» **TASK REQUIREMENTS**
The response must be made up of the lines in the entries below that contain "ezdxf".

» **RECORDED INFORMATION**
----
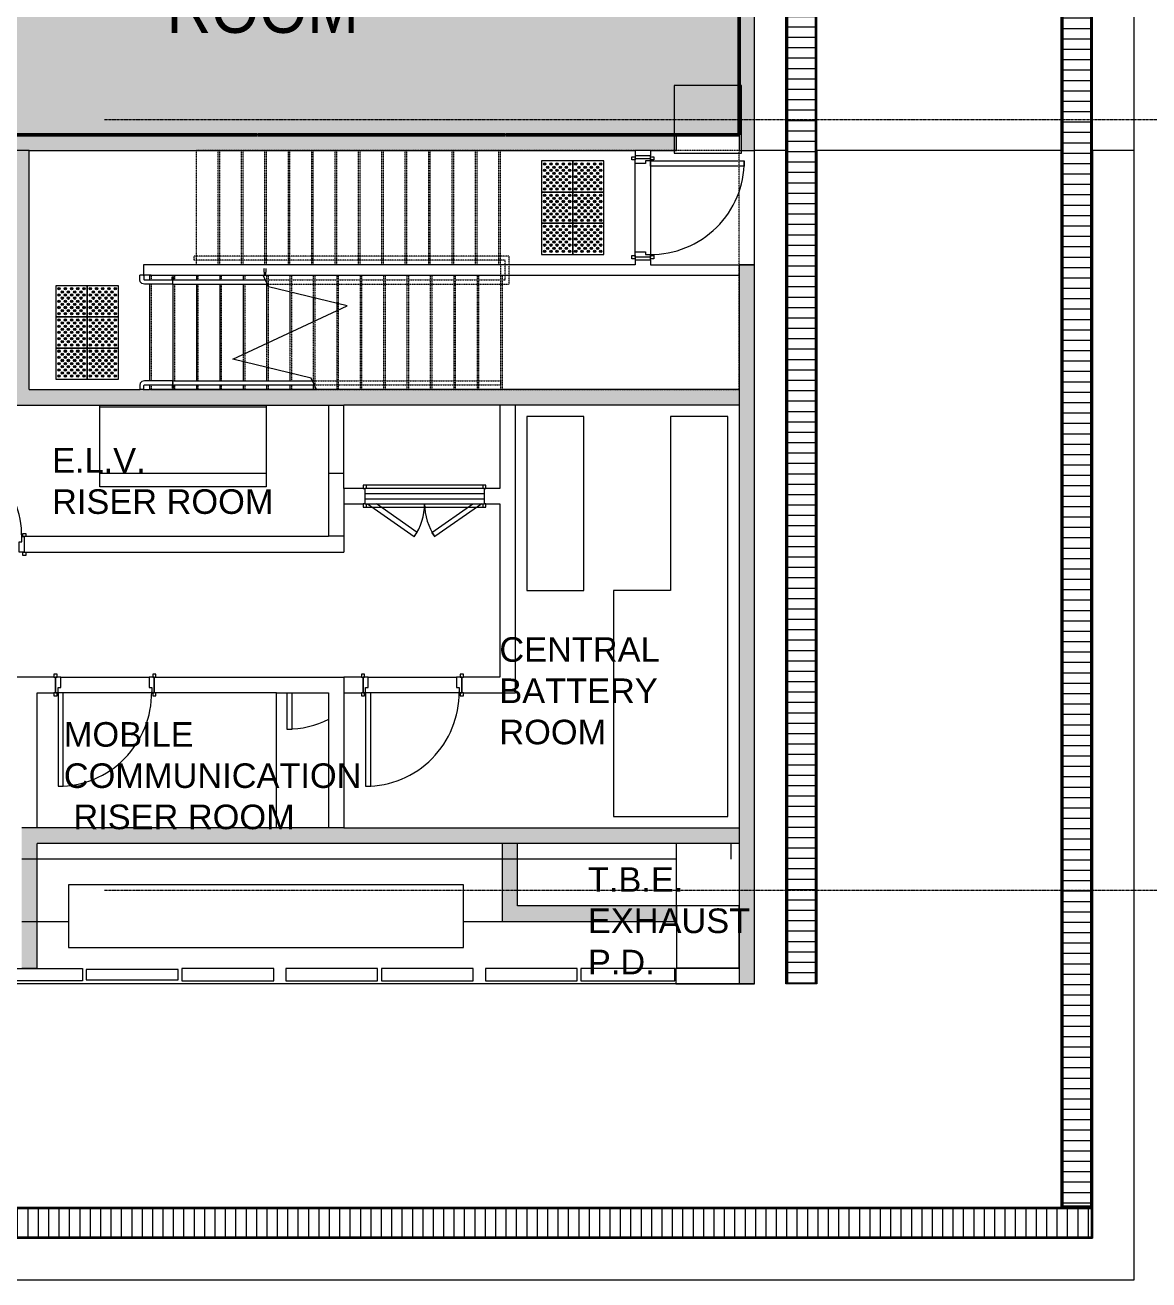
# Model space of a CAD drawing. Header units: millimetres. Extents: x 15878 to 679837, y -72324 to 391440.
# Drawn here: x 81772 to 92582, y 4857 to 16932 of the extents above; entities that cross this region are included whole.
import ezdxf

# ---------------------------------------------------------------- set-up
doc = ezdxf.new("R2010")
doc.units = ezdxf.units.MM
for name, pattern in [('Demolished', [4.8, 3.2, -1.6]), ('Grid Line__1_200_', [10.5, 6, -1.5, 1.5, -1.5]), ('Overhead', [3.96875, 2.38125, -1.5875])]:
    doc.linetypes.add(name, pattern=pattern)
for name, color, linetype, lineweight in [('A-DETL', 90, 'Continuous', 5), ('A-DETL-GENF', 92, 'Continuous', 5), ('A-DOOR', 31, 'Continuous', 5), ('A-DOOR-FRAM', 31, 'Continuous', 5), ('A-FLOR', 192, 'Continuous', 5), ('A-FLOR-HRAL', 11, 'Continuous', 5), ('A-FLOR-HRAL-MBND', 5, 'Overhead', 5), ('A-FLOR-LEVL', 51, 'Continuous', 5), ('A-GENM', 13, 'Continuous', 5), ('A-GLAZ-CWMG', 51, 'Continuous', 5), ('A-WALL', 113, 'Continuous', 5), ('A-WALL-PATT', 111, 'Continuous', 18), ('G-ANNO-TEXT', 231, 'Continuous', 5), ('Q-CASE', 31, 'Continuous', 5), ('S-COLS', 52, 'Continuous', 5), ('S-GRID', 1, 'Continuous', 5), ('S-STRS', 31, 'Continuous', 5), ('S-STRS-MBND', 31, 'Overhead', 5)]:
    doc.layers.add(name, color=color, linetype=linetype, lineweight=lineweight)
doc.styles.add('Swis721 BT', font='swiss.ttf', dxfattribs={"width": 0.9, "height": 473.035439})
doc.styles.add('Swis721 BT_2', font='swiss.ttf', dxfattribs={"height": 236.51772})
pattern_1 = [(270, (0, 609.6), (100, 6e-15), [])]

# ---------------------------------------------------------------- blocks, each defined once
blk = doc.blocks.new('DLN-Single Door__X01_ - _M02_ 900 x 2450 _WH_-16935533-1_F')
at = {"layer": 'A-DOOR', "color": 253}
for p, q in [((-460, 105), (-490, 105)), ((-490, 105), (-490, 75)), ((-490, 75), (-460, 75)), ((-460, 75), (-460, 105)), ((490, 105), (460, 105)), ((460, 105), (460, 75)), ((460, 75), (490, 75)), ((490, 75), (490, 105)), ((-460, -75), (-490, -75)), ((-490, -75), (-490, -105)), ((-490, -105), (-460, -105)), ((-460, -105), (-460, -75)), ((-400, -75), (-450, -75)), ((-450, -75), (-450, -975)), ((-400, -975), (-400, -75)), ((490, -75), (460, -75)), ((460, -75), (460, -105)), ((460, -105), (490, -105)), ((490, -105), (490, -75)), ((-450, -975), (-400, -975))]:
    blk.add_line(p, q, dxfattribs=at)
blk.add_arc((-450, -75), 900, 270, 0.5, dxfattribs=at)
at = {"layer": 'A-DOOR-FRAM', "color": 253}
for p, q in [((-425, 75), (-475, 75)), ((-475, 75), (-475, -75)), ((-425, -25), (-425, 75)), ((425, 75), (425, -25)), ((475, 75), (425, 75)), ((475, -75), (475, 75)), ((-475, -75), (-450, -75)), ((-450, -75), (-450, -25)), ((-450, -25), (-425, -25)), ((425, -25), (450, -25)), ((450, -25), (450, -75)), ((450, -75), (475, -75))]:
    blk.add_line(p, q, dxfattribs=at)
blk = doc.blocks.new('DLN-Single Door__X01_ - _M02a_ 900 x 2450 _WH_-16935534-1_F')
at = {"layer": 'A-DOOR', "color": 253}
for p, q in [((-450, 975), (-400, 975)), ((-450, 75), (-450, 975)), ((-400, 975), (-400, 75)), ((-490, 105), (-460, 105)), ((-490, 75), (-490, 105)), ((-460, 75), (-490, 75)), ((-460, 105), (-460, 75)), ((-400, 75), (-450, 75)), ((460, 75), (460, 105)), ((460, 105), (490, 105)), ((490, 75), (460, 75)), ((490, 105), (490, 75)), ((-490, -75), (-460, -75)), ((-490, -105), (-490, -75)), ((-460, -105), (-490, -105)), ((-460, -75), (-460, -105)), ((460, -105), (460, -75)), ((460, -75), (490, -75)), ((490, -105), (460, -105)), ((490, -75), (490, -105))]:
    blk.add_line(p, q, dxfattribs=at)
blk.add_arc((-450, 75), 900, 359.5, 90, dxfattribs=at)
at = {"layer": 'A-DOOR-FRAM', "color": 253}
for p, q in [((-475, 75), (-450, 75)), ((-475, -75), (-475, 75)), ((-450, 75), (-450, 25)), ((-450, 25), (-425, 25)), ((-425, 25), (-425, -75)), ((425, 25), (450, 25)), ((425, -75), (425, 25)), ((450, 75), (475, 75)), ((450, 25), (450, 75)), ((475, 75), (475, -75)), ((-425, -75), (-475, -75)), ((475, -75), (425, -75))]:
    blk.add_line(p, q, dxfattribs=at)
blk = doc.blocks.new('DLN-Single Door__X05_ - _M43a_ 900 x 2100 _WH_-13704765-1_F')
at = {"layer": 'A-DOOR', "color": 253}
for p, q in [((-450, 975), (-400, 975)), ((-450, 75), (-450, 975)), ((-400, 975), (-400, 75)), ((-490, 105), (-460, 105)), ((-490, 75), (-490, 105)), ((-460, 75), (-490, 75)), ((-460, 105), (-460, 75)), ((-400, 75), (-450, 75)), ((460, 75), (460, 105)), ((460, 105), (490, 105)), ((490, 75), (460, 75)), ((490, 105), (490, 75)), ((-490, -75), (-460, -75)), ((-490, -105), (-490, -75)), ((-460, -105), (-490, -105)), ((-460, -75), (-460, -105)), ((460, -105), (460, -75)), ((460, -75), (490, -75)), ((490, -105), (460, -105)), ((490, -75), (490, -105))]:
    blk.add_line(p, q, dxfattribs=at)
blk.add_arc((-450, 75), 900, 359.5, 90, dxfattribs=at)
at = {"layer": 'A-DOOR-FRAM', "color": 253}
for p, q in [((-475, 75), (-450, 75)), ((-475, -75), (-475, 75)), ((-450, 75), (-450, 25)), ((-450, 25), (-425, 25)), ((-425, 25), (-425, -75)), ((425, 25), (450, 25)), ((425, -75), (425, 25)), ((450, 75), (475, 75)), ((450, 25), (450, 75)), ((475, 75), (475, -75)), ((-425, -75), (-475, -75)), ((475, -75), (425, -75))]:
    blk.add_line(p, q, dxfattribs=at)
blk = doc.blocks.new('DLN-Single Door__X01_ - _M02_ 900 x 2450 _WH_-16935526-1_F')
at = {"layer": 'A-DOOR', "color": 253}
for p, q in [((-450, -625), (-450, -975)), ((-400, -975), (-400, -625)), ((-450, -975), (-400, -975))]:
    blk.add_line(p, q, dxfattribs=at)
blk.add_arc((-450, -75), 900, 270, 296.7493, dxfattribs=at)
blk = doc.blocks.new('DLN-Surface Channel-S1 - 300x150 _WD_-15753152-1_F')
at = {"layer": 'Q-CASE'}
h = blk.add_hatch(dxfattribs=at)
h.set_pattern_fill('FP_7', color=256, style=0, pattern_type=2)
h.set_pattern_definition(pattern_1)
h.paths.add_polyline_path([(-6215, -135), (6215, -135), (6215, 135), (-6215, 135)], flags=0)
for p, q in [((-6225, -150), (-6225, 150)), ((-6215, 150), (-6225, 150)), ((-6215, 150), (-6215, -150)), ((-6215, 140), (-6215, 150)), ((-6215, 150), (6215, 150)), ((-6215, 140), (6215, 140)), ((-6215, -135), (-6215, 135)), ((6215, 135), (-6215, 135)), ((6215, -150), (6215, 150)), ((6225, 150), (6215, 150)), ((6215, 150), (6215, 140)), ((6215, 135), (6215, -135)), ((6225, 150), (6225, -150)), ((-6225, -150), (-6215, -150)), ((-6215, -135), (6215, -135)), ((-6215, -150), (-6215, -140)), ((6215, -140), (-6215, -140)), ((-5915, -150), (6215, -150)), ((6215, -140), (6215, -150)), ((6215, -150), (6225, -150))]:
    blk.add_line(p, q, dxfattribs=at)
blk = doc.blocks.new('DLN-Surface Channel-L1 - 300x150 _WD_-12820414-1_F')
at = {"layer": 'Q-CASE'}
h = blk.add_hatch(dxfattribs=at)
h.set_pattern_fill('FP_5', color=256, style=0, pattern_type=2)
h.set_pattern_definition([(90, (15, 0), (-100, 6e-15), [])])
h.paths.add_polyline_path([(-26615, -285), (285, -285), (15, -15), (-26615, -15)], flags=0)
for p, q in [((-26625, -300), (-26625, 0)), ((-26615, 0), (-26625, 0)), ((-26615, 0), (-26615, -300)), ((-26615, -10), (-26615, 0)), ((-26615, 0), (-18608, 0)), ((10, -10), (-26615, -10)), ((15, -15), (-26615, -15)), ((-26615, -15), (-26615, -285)), ((-26625, -300), (-26615, -300)), ((-26615, -285), (285, -285)), ((-26615, -300), (-26615, -290)), ((290, -290), (-26615, -290)), ((-18608, -300), (-26615, -300))]:
    blk.add_line(p, q, dxfattribs=at)
blk = doc.blocks.new('DLN-Surface Channel-S1 - 300x150 _WD_-15637421-1_F')
at = {"layer": 'Q-CASE'}
h = blk.add_hatch(dxfattribs=at)
h.set_pattern_fill('FP_7', color=256, style=0, pattern_type=2)
h.set_pattern_definition(pattern_1)
h.paths.add_polyline_path([(21565, 99), (21565, 135), (-21565, 135), (-21565, -135), (21565, -135)], flags=0)
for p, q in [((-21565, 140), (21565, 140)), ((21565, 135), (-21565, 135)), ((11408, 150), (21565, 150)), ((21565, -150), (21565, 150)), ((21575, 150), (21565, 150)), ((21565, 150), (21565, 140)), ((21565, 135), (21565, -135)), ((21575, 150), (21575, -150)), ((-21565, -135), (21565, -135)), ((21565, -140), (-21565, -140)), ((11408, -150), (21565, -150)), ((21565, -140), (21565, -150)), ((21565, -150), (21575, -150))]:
----
» **ANSWER SECTION**
import ezdxf
doc = ezdxf.new("R2010")
doc.units = ezdxf.units.MM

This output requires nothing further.